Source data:

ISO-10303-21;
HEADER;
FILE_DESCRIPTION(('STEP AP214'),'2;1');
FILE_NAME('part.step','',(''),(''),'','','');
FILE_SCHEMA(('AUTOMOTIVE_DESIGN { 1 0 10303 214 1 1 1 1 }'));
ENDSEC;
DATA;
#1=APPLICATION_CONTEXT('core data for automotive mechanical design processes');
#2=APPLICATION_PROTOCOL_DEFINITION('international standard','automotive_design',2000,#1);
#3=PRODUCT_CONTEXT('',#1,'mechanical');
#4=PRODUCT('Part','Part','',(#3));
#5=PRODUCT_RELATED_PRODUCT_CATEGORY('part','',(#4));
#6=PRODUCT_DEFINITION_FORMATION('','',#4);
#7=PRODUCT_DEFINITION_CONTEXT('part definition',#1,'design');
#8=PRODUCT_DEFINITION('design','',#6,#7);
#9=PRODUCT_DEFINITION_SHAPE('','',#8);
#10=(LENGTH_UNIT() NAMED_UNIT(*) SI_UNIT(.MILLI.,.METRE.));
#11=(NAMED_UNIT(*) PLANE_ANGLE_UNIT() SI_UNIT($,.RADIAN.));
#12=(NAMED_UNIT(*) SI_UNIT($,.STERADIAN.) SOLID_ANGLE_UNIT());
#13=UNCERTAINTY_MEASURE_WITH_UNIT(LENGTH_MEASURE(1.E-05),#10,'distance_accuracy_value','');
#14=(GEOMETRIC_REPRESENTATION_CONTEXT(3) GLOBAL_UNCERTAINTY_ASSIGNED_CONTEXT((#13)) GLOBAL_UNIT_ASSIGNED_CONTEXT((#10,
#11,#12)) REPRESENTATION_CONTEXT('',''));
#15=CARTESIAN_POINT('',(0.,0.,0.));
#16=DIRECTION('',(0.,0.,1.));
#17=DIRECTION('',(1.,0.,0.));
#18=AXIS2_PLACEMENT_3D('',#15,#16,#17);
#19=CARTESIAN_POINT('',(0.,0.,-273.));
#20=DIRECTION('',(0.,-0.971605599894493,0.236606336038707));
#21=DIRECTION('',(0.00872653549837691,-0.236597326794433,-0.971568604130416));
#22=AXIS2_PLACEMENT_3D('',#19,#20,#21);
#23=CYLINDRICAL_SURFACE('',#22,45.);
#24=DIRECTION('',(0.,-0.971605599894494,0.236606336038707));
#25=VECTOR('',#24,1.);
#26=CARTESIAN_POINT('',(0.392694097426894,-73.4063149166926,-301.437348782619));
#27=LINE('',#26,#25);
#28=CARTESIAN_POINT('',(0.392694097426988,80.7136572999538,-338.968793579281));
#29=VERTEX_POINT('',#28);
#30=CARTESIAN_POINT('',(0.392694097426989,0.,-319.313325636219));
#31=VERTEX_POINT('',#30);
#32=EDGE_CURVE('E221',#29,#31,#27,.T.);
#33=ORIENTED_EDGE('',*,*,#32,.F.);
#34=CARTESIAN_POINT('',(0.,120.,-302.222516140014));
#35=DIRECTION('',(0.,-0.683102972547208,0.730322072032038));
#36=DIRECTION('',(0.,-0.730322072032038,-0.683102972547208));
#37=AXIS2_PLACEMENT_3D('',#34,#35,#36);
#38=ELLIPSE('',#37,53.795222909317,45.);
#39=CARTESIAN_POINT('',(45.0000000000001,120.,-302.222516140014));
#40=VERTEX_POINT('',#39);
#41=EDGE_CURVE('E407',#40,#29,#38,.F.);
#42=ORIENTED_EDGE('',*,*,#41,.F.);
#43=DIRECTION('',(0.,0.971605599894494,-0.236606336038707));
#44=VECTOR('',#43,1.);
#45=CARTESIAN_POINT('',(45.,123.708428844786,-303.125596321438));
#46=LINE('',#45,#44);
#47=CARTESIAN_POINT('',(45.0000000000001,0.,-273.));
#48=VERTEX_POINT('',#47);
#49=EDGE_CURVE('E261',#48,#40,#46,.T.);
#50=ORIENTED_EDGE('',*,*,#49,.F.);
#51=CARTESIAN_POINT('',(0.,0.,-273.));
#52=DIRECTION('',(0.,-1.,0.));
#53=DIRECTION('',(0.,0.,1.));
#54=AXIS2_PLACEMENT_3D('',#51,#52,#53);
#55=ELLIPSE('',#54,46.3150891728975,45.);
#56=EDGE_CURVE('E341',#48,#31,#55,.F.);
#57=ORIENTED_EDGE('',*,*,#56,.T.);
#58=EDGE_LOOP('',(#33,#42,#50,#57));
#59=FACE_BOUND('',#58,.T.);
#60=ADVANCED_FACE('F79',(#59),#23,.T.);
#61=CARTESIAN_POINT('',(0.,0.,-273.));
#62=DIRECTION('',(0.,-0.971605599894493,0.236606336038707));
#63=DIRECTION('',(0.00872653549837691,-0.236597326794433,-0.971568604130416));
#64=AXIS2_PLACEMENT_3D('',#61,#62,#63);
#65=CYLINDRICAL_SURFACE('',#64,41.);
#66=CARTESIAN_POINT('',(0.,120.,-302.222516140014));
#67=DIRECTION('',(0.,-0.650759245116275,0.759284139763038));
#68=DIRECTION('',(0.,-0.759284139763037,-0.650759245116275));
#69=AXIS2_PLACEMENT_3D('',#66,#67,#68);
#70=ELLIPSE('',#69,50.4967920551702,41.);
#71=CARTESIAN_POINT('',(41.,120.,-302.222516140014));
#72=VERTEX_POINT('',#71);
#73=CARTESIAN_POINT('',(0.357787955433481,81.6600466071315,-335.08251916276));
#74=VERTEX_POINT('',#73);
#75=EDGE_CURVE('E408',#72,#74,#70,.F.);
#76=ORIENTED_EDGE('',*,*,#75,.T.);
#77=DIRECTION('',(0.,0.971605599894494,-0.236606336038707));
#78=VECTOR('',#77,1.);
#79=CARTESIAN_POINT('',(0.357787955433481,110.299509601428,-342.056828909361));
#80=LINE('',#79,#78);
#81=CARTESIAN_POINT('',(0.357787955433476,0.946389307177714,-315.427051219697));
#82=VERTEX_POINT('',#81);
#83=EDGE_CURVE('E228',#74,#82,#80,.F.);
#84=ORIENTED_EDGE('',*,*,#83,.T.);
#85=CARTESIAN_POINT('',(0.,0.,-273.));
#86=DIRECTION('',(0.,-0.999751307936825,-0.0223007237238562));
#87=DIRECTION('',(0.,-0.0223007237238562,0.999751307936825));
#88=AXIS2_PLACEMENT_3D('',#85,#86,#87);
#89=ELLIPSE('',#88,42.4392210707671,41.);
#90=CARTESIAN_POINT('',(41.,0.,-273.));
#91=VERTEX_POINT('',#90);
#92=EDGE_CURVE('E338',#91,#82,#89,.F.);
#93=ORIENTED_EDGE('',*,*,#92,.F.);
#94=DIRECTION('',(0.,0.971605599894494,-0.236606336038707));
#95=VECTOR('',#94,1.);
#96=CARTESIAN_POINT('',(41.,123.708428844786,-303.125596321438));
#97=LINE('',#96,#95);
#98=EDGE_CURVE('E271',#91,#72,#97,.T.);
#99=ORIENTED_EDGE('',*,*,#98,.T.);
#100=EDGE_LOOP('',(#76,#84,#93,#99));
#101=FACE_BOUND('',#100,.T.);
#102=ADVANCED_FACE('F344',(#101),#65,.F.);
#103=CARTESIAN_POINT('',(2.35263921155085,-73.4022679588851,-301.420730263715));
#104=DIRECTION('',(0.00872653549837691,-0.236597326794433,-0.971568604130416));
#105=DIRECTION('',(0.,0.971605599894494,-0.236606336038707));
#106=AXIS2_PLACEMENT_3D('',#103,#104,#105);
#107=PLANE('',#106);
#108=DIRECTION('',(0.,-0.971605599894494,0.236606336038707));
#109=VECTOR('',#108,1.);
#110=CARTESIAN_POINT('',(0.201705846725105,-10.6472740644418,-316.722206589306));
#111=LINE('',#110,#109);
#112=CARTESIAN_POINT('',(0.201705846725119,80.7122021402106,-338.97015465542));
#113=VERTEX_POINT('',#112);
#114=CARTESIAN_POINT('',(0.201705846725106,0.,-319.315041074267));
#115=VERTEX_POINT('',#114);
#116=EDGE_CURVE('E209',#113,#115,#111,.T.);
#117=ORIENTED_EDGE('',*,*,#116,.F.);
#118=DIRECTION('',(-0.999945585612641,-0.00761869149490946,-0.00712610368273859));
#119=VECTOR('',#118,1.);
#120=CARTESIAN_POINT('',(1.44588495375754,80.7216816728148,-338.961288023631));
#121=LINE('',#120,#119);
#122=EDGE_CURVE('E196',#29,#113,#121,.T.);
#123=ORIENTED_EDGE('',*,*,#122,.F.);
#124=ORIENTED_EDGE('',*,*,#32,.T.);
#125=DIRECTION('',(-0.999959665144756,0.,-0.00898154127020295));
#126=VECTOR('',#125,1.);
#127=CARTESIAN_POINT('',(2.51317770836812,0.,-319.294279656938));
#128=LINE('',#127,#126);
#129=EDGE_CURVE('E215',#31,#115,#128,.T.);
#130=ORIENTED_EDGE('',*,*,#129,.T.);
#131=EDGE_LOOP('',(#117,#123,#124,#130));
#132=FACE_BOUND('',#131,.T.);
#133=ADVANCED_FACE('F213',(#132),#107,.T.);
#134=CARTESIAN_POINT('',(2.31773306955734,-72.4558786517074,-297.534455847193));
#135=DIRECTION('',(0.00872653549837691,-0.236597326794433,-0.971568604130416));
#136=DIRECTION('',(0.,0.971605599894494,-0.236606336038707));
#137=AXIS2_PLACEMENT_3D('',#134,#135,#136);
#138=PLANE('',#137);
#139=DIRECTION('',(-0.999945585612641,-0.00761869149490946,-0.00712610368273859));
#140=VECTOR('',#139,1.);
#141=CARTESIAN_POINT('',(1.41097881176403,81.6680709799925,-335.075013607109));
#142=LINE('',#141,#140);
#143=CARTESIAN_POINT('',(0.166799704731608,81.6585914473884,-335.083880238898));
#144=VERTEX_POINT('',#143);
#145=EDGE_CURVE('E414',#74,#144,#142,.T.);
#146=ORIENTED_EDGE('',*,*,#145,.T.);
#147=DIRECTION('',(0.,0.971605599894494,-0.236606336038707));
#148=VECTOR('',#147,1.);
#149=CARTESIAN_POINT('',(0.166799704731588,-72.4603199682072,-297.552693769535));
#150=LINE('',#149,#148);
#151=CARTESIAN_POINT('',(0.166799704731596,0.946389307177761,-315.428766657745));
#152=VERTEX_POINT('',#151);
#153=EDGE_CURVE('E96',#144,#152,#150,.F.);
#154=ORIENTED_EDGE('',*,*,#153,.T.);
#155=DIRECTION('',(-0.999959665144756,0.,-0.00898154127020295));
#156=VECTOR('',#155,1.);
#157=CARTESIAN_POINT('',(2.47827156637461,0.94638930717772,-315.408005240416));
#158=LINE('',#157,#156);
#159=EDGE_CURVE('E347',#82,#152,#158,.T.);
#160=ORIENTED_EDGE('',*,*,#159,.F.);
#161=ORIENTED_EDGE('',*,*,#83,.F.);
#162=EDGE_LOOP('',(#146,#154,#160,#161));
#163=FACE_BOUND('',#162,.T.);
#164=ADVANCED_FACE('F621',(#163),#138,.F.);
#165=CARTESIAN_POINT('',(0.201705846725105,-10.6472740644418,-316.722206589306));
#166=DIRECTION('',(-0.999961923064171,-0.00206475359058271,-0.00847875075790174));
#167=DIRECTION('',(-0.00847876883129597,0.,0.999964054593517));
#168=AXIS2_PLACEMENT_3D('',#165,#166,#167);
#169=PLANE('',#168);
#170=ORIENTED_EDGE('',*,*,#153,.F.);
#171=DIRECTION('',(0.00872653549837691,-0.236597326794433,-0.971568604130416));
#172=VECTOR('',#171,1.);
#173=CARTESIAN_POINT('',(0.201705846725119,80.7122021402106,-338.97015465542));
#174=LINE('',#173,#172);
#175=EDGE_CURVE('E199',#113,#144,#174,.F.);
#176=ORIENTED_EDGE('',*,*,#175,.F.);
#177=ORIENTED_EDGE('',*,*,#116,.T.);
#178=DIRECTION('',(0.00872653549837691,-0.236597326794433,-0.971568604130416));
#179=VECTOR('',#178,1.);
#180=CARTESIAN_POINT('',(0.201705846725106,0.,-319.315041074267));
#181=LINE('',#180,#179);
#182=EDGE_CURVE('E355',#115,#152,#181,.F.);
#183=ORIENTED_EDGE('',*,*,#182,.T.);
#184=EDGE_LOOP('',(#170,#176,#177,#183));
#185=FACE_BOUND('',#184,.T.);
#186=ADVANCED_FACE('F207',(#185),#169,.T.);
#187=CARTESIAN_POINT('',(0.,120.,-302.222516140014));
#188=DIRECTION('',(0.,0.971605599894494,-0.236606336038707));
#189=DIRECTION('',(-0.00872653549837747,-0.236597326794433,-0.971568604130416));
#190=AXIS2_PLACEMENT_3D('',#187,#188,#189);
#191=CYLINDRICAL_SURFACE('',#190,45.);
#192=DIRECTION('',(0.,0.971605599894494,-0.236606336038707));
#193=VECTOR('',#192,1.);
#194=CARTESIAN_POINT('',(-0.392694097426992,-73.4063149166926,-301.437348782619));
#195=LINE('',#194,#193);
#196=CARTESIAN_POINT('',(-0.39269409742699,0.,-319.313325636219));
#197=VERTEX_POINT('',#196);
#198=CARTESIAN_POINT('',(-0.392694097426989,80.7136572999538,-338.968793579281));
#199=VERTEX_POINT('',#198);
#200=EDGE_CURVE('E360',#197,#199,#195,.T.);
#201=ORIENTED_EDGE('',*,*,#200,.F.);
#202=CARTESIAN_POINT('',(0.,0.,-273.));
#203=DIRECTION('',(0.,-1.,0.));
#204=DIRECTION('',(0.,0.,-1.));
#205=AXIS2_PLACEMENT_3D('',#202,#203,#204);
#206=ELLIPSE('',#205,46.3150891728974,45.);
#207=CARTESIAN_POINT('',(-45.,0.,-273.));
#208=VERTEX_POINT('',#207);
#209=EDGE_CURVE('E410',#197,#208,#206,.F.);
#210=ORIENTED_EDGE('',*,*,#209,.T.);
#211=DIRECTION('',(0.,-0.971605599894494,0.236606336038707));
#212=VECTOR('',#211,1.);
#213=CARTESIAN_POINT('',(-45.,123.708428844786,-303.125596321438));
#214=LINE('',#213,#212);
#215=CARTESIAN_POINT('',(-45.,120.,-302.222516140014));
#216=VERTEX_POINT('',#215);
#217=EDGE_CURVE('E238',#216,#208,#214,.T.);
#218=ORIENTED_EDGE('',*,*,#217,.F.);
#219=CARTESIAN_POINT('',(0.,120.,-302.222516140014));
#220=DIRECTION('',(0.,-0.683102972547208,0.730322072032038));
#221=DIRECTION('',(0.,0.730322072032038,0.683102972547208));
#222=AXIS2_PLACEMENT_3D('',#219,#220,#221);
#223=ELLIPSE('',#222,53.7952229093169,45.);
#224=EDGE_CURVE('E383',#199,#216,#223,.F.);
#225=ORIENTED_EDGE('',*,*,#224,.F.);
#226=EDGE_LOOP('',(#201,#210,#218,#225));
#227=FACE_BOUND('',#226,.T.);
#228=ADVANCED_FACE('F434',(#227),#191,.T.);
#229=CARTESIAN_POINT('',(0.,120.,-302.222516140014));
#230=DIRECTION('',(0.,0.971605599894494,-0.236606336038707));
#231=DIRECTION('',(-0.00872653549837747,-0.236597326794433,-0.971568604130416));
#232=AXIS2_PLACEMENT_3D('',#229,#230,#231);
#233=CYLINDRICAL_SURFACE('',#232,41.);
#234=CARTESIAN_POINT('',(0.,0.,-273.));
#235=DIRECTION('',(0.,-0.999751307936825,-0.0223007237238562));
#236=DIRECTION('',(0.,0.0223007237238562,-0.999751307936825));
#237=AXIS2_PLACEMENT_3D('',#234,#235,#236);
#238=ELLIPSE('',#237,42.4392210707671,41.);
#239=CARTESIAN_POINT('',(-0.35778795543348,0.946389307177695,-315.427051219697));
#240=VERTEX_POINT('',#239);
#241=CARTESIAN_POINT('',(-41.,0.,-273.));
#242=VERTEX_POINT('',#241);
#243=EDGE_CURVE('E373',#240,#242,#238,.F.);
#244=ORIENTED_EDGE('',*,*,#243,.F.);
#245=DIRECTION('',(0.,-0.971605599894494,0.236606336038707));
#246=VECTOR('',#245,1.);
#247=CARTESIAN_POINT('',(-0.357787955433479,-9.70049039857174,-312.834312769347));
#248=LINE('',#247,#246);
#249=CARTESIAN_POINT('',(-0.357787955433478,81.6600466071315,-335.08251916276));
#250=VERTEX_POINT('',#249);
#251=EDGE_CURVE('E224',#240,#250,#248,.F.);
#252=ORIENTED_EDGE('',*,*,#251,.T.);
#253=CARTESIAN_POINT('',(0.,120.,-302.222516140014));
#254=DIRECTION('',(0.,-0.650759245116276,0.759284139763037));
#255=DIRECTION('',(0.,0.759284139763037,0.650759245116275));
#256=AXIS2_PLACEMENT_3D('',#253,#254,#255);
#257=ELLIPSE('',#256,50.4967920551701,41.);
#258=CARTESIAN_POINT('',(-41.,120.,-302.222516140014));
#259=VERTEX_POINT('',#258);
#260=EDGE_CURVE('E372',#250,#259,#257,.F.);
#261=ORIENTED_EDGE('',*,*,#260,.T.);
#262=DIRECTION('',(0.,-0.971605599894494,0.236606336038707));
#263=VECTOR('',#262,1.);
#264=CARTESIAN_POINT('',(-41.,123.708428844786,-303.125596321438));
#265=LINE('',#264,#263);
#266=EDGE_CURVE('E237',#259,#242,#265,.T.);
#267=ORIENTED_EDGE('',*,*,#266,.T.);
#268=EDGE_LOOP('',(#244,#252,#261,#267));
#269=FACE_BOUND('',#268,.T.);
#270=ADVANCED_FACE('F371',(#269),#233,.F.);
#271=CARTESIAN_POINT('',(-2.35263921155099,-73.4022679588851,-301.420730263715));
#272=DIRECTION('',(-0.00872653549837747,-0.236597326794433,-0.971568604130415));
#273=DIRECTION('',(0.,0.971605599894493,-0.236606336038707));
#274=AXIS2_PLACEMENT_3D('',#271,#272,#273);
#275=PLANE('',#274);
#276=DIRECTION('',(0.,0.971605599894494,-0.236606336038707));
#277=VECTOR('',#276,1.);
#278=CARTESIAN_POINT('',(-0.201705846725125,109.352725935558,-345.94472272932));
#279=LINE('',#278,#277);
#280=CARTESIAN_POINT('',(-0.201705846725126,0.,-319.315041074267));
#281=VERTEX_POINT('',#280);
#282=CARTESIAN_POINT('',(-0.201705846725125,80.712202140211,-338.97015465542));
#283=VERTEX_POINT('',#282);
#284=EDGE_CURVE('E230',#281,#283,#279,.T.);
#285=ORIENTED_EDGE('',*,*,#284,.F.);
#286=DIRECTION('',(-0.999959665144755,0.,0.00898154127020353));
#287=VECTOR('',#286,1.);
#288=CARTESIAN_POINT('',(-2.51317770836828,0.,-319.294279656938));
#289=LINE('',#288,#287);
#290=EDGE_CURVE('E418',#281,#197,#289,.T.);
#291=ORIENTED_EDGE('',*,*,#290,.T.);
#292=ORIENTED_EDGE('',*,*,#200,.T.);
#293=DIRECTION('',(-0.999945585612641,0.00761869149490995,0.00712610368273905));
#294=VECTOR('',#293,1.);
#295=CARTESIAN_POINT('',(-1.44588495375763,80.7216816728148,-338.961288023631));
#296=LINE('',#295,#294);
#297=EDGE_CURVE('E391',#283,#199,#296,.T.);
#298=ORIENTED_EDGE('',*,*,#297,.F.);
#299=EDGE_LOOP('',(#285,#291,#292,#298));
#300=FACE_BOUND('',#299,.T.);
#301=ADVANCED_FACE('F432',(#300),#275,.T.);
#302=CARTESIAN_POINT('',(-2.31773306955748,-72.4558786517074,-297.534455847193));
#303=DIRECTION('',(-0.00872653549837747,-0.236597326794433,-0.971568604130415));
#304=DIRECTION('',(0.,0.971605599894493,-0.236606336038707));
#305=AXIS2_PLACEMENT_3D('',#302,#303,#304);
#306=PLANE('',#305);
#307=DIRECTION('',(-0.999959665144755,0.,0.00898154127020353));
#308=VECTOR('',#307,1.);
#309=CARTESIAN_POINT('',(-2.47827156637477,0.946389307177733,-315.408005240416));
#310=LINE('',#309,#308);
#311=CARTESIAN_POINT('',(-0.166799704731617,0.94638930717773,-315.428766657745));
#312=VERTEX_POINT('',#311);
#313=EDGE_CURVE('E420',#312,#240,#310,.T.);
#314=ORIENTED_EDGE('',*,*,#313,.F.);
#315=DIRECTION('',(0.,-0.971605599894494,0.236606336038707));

• [Instructions for the task] In the data above, find the line with "#230=DIRECTION('',(0.,0.971605599894494,-0.236606336038707));" and the line with "#258=CARTESIAN_POINT('',(-41.,120.,-302.222516140014));". Retype both, plus every line between them, exactly.

• [Solution to the problem]
#230=DIRECTION('',(0.,0.971605599894494,-0.236606336038707));
#231=DIRECTION('',(-0.00872653549837747,-0.236597326794433,-0.971568604130416));
#232=AXIS2_PLACEMENT_3D('',#229,#230,#231);
#233=CYLINDRICAL_SURFACE('',#232,41.);
#234=CARTESIAN_POINT('',(0.,0.,-273.));
#235=DIRECTION('',(0.,-0.999751307936825,-0.0223007237238562));
#236=DIRECTION('',(0.,0.0223007237238562,-0.999751307936825));
#237=AXIS2_PLACEMENT_3D('',#234,#235,#236);
#238=ELLIPSE('',#237,42.4392210707671,41.);
#239=CARTESIAN_POINT('',(-0.35778795543348,0.946389307177695,-315.427051219697));
#240=VERTEX_POINT('',#239);
#241=CARTESIAN_POINT('',(-41.,0.,-273.));
#242=VERTEX_POINT('',#241);
#243=EDGE_CURVE('E373',#240,#242,#238,.F.);
#244=ORIENTED_EDGE('',*,*,#243,.F.);
#245=DIRECTION('',(0.,-0.971605599894494,0.236606336038707));
#246=VECTOR('',#245,1.);
#247=CARTESIAN_POINT('',(-0.357787955433479,-9.70049039857174,-312.834312769347));
#248=LINE('',#247,#246);
#249=CARTESIAN_POINT('',(-0.357787955433478,81.6600466071315,-335.08251916276));
#250=VERTEX_POINT('',#249);
#251=EDGE_CURVE('E224',#240,#250,#248,.F.);
#252=ORIENTED_EDGE('',*,*,#251,.T.);
#253=CARTESIAN_POINT('',(0.,120.,-302.222516140014));
#254=DIRECTION('',(0.,-0.650759245116276,0.759284139763037));
#255=DIRECTION('',(0.,0.759284139763037,0.650759245116275));
#256=AXIS2_PLACEMENT_3D('',#253,#254,#255);
#257=ELLIPSE('',#256,50.4967920551701,41.);
#258=CARTESIAN_POINT('',(-41.,120.,-302.222516140014));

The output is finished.